There is a straight line to be drawn, Schacher and Schmidtke write in the report, between the conditions that have further spread the virus—both among immigrant communities in the United States and in Central America—and the immigration policies of the Trump administration. Some of the issues predate the virus’ appearance, although public health experts have warned for years that Trump’s “remain in Mexico” policy, for example, was creating a public health nightmare south of the U.S.-Mexico border.
“Deportations and returns carried out in the midst of the COVID-19 pandemic compound these challenges and contribute to the spread of the virus,” write Schacher and Schmidtke, noting that asylum seekers—being almost definitionally poor and lacking in access to medical assistance—are among the most likely to suffer complications from COVID-19 infection. “Deportees from the United States made up nearly 20 percent of the 500 coronavirus cases in Guatemala and, as of early June, deportees continue to test positive for COVID-19 upon arrival in Guatemala despite having clean bill-of-health documents from the United States.”
These risks have been exacerbated, Refugee International found, by the invocation of the Public Health Safety Act in late March, which has allowed U.S. Customs and Border Protection to refuse to accept protection requests for those seeking asylum at the U.S. southern border. Under that order, those seeking asylum can be returned either to Mexico or to their countries of origin without screening, and children at the border have been routinely expelled without being referred to the Department of Health and Human Services’ Office of Refugee Resettlement. Between March and early May, the report found, at least 417 minors were deported from the United States to Guatemala without referral.

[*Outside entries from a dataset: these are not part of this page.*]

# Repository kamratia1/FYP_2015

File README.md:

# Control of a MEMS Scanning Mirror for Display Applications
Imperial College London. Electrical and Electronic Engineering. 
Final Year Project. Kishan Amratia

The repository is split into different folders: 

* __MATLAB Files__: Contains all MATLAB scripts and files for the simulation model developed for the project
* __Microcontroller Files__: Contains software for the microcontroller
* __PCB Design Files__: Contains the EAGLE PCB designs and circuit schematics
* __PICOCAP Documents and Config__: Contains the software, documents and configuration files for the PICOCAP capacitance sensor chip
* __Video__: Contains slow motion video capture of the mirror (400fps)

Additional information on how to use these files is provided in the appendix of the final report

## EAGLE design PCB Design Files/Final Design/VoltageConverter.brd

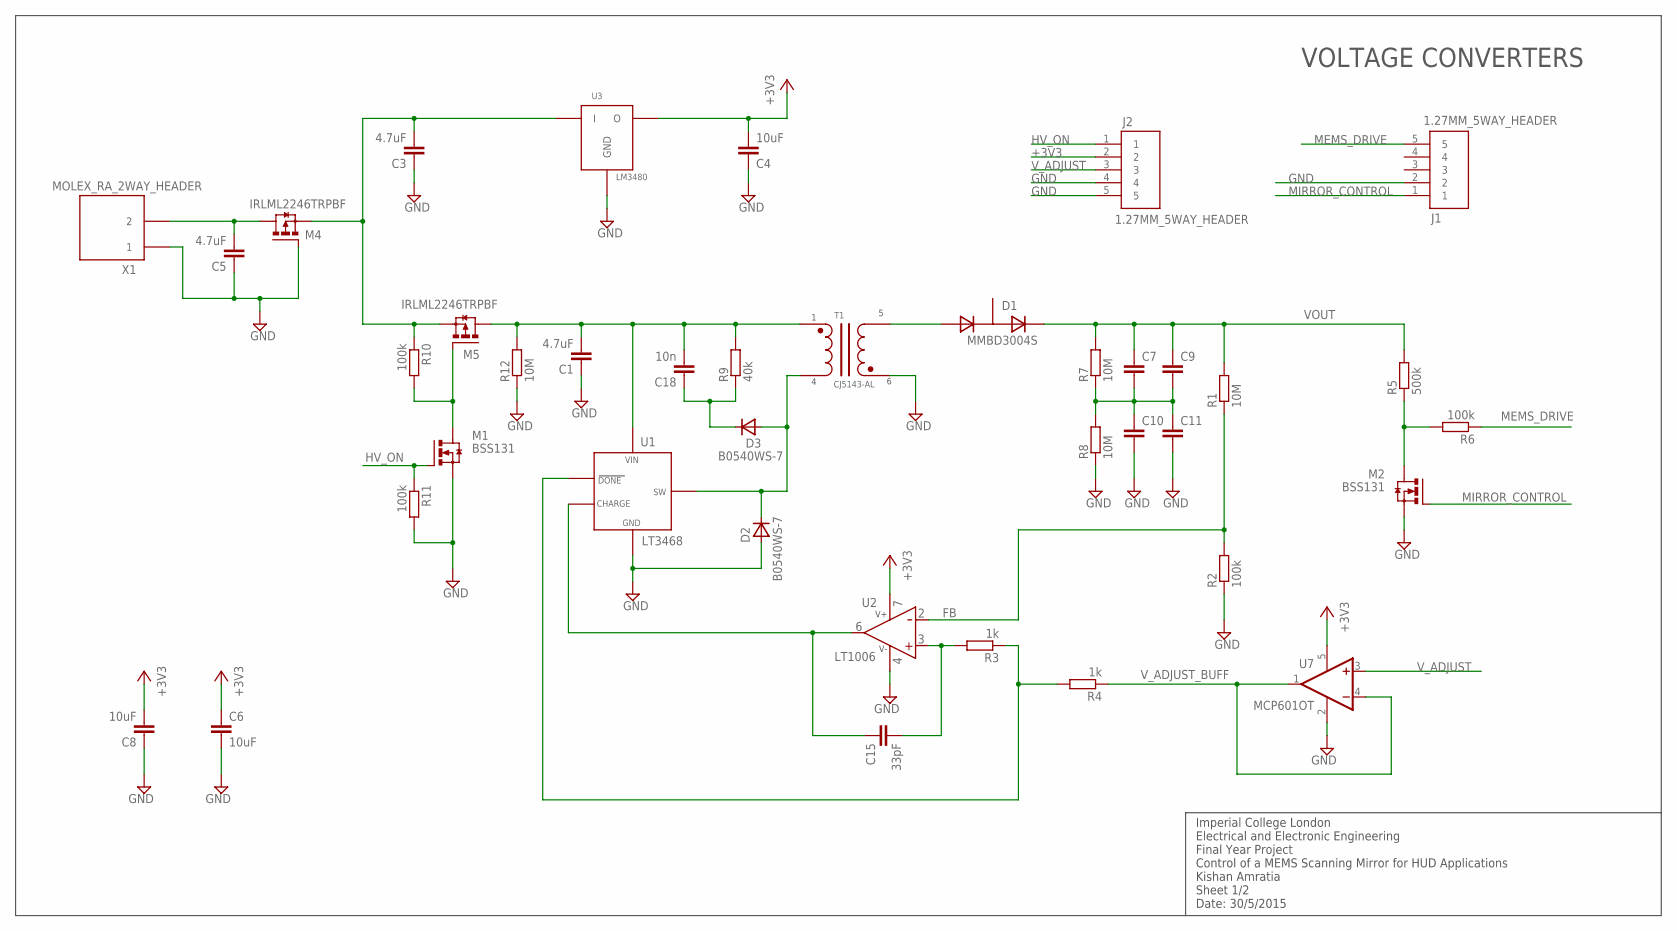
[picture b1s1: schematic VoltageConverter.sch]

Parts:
C1, C3, C5: 4.7uF; C0603K
C4, C6, C8: 10uF; C0603
C7, C9, C10, C11: C-EUC2220K; C2220K
C15: 33pF; C0603
C18: 10n; C0603K
D1: MMBD3004S; SOT-23
D2, D3: B0540WS-7; SOD-323
J1, J2: 1.27MM_5WAY_HEADER
M1, M2: BSS131; SOT-23
M4, M5: IRLML2246TRPBF; SOT-23
R1, R7, R8, R12: 10M; R0603
R2, R6, R10, R11: 100k; R0603
R3, R4: 1k; R0603
R5: 500k; R0603
R9: 40k; R0603
T1: CJ5143-AL; CJ45143-AL
U1: LT3468; TSOT-23
U2: LT1006; SOIC127P600X175-8N
U3: LM3480; SOT-23
U7: MCP601OT; SOT23-5
X1: MOLEX_RA_2WAY_HEADER

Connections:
+3V3: C4.2, C6.1, C8.2, J2.2, U2.7, U3.A (O), U7.5 (V+)
CHARGE: C15.1, U1.4, U2.6
DONE: R3.1, R4.2, U1.3
FB: R1.1, R2.2, U2.2
GND: C1.1, C3.1, C4.1, C5.1, C6.2, C8.1, C10.2, C11.2, D2.A, J1.2, J2.4, J2.5, M1.K (S), M2.K (S), M4.A (G), R2.1, R8.1, R11.2, R12.1, T1.5, U1.2, U2.4, U3.K1A2 (GND), U7.2 (V-), X1.P$1 (1)
HV_ON: J2.1, M1.A (G), R11.1
MEMS_DRIVE: J1.5, R6.1
MIRROR_CONTROL: J1.1, M2.A (G)
unnamed: C7.2, C9.2, C10.1, C11.1, R7.1, R8.2
unnamed: D1.A, T1.6
unnamed: C15.2, R3.2, U2.3
unnamed: M2.K1A2 (D), R5.1, R6.2
unnamed: M1.K1A2 (D), M5.A (G), R10.2
unnamed: C18.1, D3.K, R9.1
SW: D2.K, D3.A, T1.4, U1.1
VIN_LT3468: C1.2, C18.2, M5.K1A2 (D), R9.2, R12.2, T1.1, U1.5
VOUT: C7.1, C9.1, D1.K, R1.2, R5.2, R7.2
V_ADJUST: J2.3, U7.3 (+IN)
V_ADJUST_BUFF: R4.1, U7.1 (OUT), U7.4 (-IN)
V_IN: C5.2, M4.K1A2 (D), X1.P$2 (2)
V_IN2: C3.2, M4.K (S), M5.K (S), R10.1, U3.K (I)

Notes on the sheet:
Imperial College London Electrical and Electronic Engineering Final Year Project Control of a MEMS Scanning Mirror for HUD Applications Kishan Amratia Sheet 1/2 Date: 30/5/2015
VOLTAGE CONVERTERS

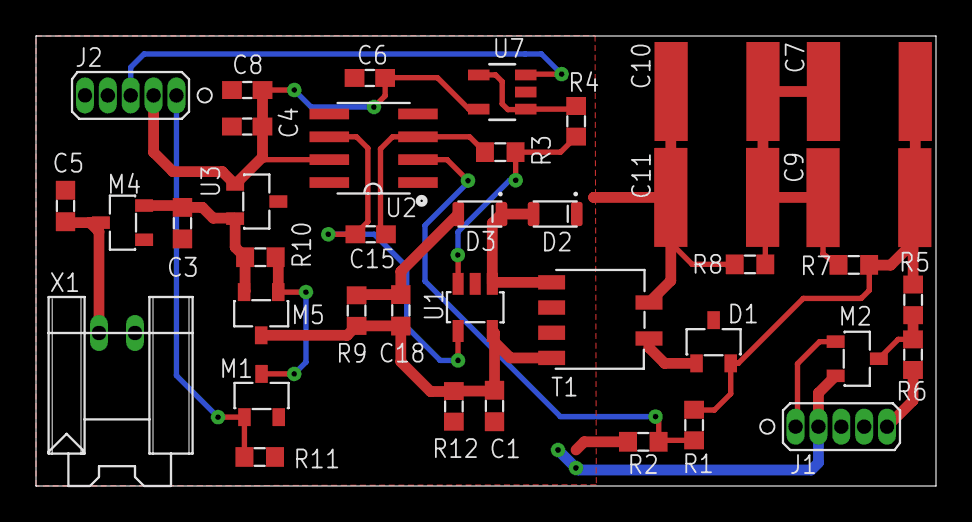
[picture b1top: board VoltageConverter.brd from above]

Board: 2 copper layers, 50.0 x 25.0 mm, 39 parts (0 on the bottom side), 21 nets.

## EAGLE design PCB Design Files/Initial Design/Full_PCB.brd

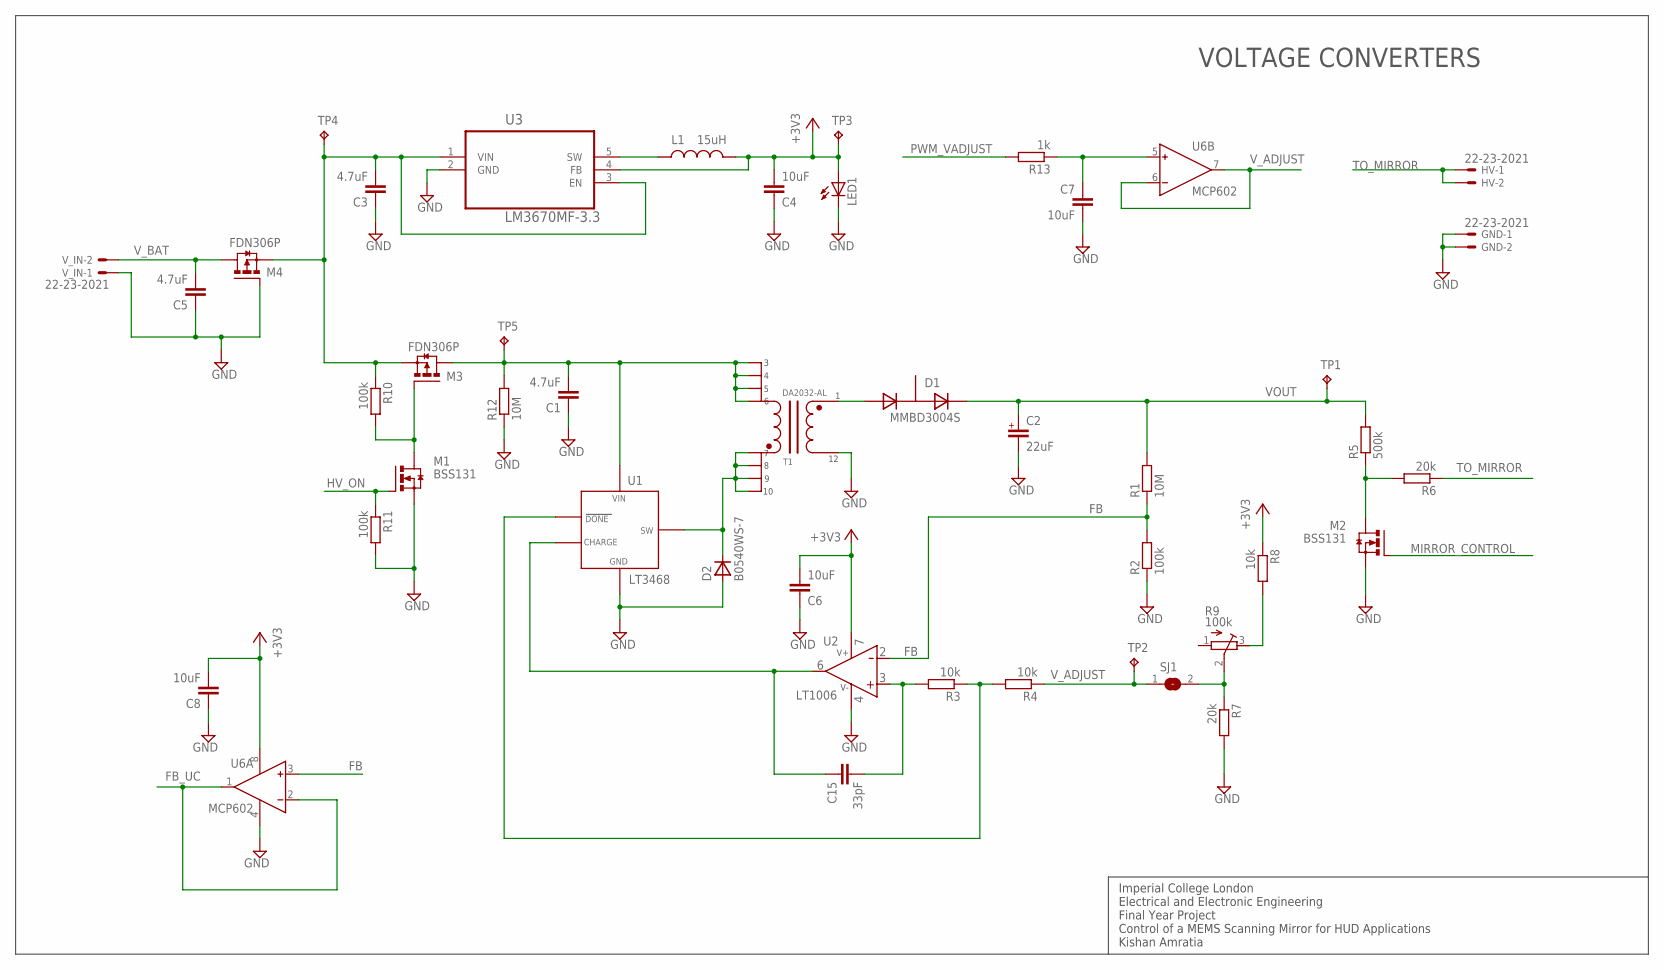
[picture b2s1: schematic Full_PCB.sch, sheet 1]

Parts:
C1, C3, C5: 4.7uF; C0603K
C2: 22uF; 5MM-RADIAL-LEAD
C4, C6, C7, C8: 10uF; C0603
C15: 33pF; C0603
D1: MMBD3004S; SOT-23
D2: B0540WS-7; SOD-323
GND: 22-23-2021
HV: 22-23-2021
L1: 15uH; IFSC1515AHER150M01
LED1: LEDCHIPLED_0603; CHIPLED_0603
M1, M2: BSS131; SOT-23
M3, M4: FDN306P; SSOT-3
R1, R12: 10M; R0603
R2, R10, R11: 100k; R0603
R3, R4, R8: 10k; R0603
R5: 500k; R1206
R6: 20k; R1206
R7: 20k; R0603
R9: 100k; TC33X-2-104E
R13: 1k; R0603
SJ1: SJ
T1: DA2032-AL
TP1, TP2, TP3, TP4, TP5: TPB1,27; B1,27
U1: LT3468; TSOT-23
U2: LT1006; SOIC127P600X175-8N
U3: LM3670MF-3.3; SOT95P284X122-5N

“For months, public health experts have made common-sense recommendations to curb the spread of COVID-19: Release people held in ICE and CBP detention; suspend civil immigration enforcement; and provide access to testing and treatment for everyone who needs it, regardless of immigration status,” said Flores. “Instead, while ignoring these recommendations, the Trump administration has banned asylum seekers at the border, green card applicants, foreign students, and now even more immigrants... Congress should immediately investigate the true purpose—and ramifications—of these Stephen Miller bans.”